### What the task requires:
Output, word for word, the lines of this listing that fall between the line with "msp = doc.modelspace()" and the line with "(244784.3298187787, 79522.10815399594)], close=True)", counting both of those lines, and no others.
##### Input for this task
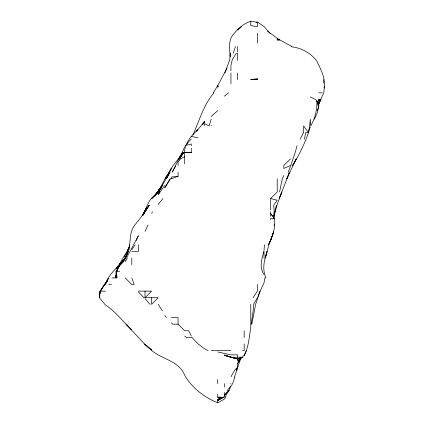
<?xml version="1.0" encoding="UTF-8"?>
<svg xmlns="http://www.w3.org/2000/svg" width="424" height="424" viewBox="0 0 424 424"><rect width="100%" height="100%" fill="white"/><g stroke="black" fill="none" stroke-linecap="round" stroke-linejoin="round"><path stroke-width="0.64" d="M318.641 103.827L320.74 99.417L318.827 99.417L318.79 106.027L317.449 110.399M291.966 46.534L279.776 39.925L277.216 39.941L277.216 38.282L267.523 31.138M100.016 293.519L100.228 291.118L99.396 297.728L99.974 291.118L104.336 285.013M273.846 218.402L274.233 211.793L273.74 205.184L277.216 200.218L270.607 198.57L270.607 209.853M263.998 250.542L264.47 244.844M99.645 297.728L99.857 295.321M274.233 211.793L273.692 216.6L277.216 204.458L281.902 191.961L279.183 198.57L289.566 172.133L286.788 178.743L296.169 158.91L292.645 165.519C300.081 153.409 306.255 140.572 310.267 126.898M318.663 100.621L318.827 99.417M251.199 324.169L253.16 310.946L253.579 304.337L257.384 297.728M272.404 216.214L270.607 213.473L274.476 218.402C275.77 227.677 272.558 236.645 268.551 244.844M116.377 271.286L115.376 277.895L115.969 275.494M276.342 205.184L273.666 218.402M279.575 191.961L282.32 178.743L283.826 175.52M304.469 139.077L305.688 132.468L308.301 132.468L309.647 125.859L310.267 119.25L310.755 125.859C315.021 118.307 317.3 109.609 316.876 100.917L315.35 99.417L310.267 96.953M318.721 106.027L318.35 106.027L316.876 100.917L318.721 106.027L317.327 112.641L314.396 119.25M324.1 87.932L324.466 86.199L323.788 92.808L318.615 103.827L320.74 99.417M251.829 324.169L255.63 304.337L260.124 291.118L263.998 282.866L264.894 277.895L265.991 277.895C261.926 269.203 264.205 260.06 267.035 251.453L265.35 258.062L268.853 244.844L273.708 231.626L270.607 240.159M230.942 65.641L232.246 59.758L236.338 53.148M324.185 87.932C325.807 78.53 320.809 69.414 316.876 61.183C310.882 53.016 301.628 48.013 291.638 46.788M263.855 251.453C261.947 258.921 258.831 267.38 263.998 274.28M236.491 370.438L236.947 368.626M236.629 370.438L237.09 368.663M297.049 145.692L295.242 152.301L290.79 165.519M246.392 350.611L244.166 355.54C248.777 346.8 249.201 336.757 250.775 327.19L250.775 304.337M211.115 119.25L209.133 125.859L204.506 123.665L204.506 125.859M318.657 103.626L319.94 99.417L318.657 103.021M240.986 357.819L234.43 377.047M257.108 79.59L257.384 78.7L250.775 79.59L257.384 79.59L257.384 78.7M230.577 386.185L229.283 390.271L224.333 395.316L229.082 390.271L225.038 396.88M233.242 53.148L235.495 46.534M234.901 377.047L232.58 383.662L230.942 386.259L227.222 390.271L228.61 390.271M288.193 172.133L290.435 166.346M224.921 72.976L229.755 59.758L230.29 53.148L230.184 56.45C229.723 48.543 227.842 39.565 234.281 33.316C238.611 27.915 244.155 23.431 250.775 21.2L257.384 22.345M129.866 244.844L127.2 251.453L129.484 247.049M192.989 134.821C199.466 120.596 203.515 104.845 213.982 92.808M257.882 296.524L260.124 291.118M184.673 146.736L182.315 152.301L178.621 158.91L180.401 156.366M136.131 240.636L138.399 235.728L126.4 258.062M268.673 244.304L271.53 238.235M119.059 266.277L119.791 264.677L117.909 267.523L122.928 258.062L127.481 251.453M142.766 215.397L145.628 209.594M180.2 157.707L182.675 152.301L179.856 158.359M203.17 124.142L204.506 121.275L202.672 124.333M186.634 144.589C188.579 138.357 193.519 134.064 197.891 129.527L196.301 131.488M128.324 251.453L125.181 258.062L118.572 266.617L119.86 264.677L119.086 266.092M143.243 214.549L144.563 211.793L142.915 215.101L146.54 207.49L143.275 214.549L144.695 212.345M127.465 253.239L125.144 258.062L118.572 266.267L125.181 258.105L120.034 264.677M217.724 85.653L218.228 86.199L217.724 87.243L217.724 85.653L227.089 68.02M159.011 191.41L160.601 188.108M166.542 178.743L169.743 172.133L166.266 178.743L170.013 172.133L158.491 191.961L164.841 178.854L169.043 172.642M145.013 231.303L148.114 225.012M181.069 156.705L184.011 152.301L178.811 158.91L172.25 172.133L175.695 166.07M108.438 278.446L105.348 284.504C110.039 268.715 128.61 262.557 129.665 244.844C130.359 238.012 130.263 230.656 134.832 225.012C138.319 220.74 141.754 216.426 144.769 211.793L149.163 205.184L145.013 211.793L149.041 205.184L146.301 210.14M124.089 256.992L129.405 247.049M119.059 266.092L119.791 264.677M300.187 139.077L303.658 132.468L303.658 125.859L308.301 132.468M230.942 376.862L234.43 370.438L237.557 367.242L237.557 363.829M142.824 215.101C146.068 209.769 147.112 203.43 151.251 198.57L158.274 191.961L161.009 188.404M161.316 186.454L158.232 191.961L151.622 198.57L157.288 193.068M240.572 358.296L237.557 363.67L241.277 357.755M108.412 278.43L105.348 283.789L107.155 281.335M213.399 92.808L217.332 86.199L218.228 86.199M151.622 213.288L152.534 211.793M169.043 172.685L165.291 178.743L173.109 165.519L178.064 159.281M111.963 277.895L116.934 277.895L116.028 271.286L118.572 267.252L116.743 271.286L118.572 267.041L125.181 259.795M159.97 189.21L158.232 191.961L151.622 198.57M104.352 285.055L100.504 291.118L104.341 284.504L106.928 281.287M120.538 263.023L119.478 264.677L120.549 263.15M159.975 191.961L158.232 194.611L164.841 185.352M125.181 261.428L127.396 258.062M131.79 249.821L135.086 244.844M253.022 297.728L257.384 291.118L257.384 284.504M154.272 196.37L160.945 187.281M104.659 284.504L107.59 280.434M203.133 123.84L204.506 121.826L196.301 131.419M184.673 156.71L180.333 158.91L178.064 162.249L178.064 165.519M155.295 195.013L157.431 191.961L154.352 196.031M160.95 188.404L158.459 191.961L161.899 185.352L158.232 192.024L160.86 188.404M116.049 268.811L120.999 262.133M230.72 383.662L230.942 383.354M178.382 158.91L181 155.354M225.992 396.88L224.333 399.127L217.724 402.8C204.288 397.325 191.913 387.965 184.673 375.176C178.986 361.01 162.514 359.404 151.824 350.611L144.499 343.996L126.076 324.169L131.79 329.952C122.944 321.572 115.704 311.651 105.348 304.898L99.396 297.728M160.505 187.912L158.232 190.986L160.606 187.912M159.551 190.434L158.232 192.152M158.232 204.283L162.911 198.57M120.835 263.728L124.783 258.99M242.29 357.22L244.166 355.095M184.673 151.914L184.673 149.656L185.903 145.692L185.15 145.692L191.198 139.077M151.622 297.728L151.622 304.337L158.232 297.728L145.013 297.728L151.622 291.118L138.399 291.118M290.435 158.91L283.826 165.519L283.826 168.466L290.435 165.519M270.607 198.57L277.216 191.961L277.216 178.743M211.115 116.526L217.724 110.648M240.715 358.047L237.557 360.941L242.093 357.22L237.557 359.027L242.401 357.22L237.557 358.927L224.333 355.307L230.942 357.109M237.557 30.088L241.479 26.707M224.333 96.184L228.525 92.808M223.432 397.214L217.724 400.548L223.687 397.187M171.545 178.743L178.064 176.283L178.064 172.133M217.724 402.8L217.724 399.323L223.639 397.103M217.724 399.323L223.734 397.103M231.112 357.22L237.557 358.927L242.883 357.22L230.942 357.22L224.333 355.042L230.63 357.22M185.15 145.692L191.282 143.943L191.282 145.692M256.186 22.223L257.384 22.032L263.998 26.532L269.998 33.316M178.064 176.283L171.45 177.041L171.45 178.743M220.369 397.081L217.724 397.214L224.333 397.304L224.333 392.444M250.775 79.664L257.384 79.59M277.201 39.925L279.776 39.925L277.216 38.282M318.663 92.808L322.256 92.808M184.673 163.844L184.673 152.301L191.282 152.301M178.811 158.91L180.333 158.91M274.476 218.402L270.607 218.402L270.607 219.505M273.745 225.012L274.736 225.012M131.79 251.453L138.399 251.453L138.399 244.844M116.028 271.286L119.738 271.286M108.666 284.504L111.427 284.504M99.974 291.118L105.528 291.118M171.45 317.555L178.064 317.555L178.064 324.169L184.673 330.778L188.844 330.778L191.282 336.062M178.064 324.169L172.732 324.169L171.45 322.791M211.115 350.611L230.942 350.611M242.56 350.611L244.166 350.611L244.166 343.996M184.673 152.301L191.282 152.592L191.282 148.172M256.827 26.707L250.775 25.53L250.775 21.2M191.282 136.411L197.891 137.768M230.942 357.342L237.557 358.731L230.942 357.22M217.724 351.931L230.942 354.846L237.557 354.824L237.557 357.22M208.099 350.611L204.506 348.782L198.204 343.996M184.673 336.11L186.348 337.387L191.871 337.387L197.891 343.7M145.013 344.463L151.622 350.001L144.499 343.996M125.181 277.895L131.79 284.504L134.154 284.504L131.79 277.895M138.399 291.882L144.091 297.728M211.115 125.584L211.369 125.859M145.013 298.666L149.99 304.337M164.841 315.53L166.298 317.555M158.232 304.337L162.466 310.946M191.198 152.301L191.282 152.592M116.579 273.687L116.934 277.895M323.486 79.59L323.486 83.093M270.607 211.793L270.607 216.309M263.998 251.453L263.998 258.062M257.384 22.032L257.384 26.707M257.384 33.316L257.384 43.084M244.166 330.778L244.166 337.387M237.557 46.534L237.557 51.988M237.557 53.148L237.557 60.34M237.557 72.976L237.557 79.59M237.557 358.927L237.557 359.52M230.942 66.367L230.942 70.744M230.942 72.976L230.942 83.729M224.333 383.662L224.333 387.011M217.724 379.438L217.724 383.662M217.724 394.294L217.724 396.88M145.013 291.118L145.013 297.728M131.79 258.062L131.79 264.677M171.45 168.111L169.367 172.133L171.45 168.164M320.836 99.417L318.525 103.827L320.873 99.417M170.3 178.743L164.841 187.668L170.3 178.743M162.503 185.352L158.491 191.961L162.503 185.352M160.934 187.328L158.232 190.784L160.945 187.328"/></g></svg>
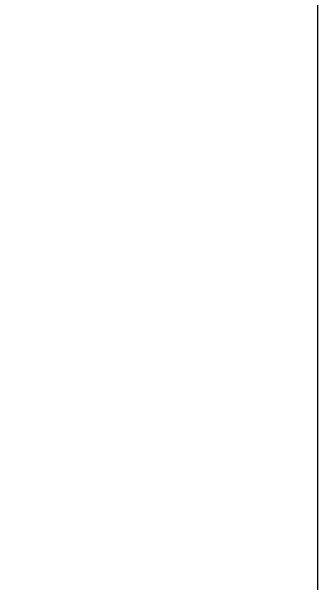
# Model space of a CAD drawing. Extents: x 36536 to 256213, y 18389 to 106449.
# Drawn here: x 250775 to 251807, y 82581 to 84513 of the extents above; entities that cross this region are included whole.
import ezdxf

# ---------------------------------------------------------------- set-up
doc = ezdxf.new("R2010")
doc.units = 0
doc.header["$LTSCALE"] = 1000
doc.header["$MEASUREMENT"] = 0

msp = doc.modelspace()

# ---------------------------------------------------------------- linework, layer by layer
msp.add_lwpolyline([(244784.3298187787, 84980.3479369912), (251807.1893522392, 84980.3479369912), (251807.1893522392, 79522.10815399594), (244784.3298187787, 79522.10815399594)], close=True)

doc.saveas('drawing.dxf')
##########
### Response below:
msp = doc.modelspace()

# ---------------------------------------------------------------- linework, layer by layer
msp.add_lwpolyline([(244784.3298187787, 84980.3479369912), (251807.1893522392, 84980.3479369912), (251807.1893522392, 79522.10815399594), (244784.3298187787, 79522.10815399594)], close=True)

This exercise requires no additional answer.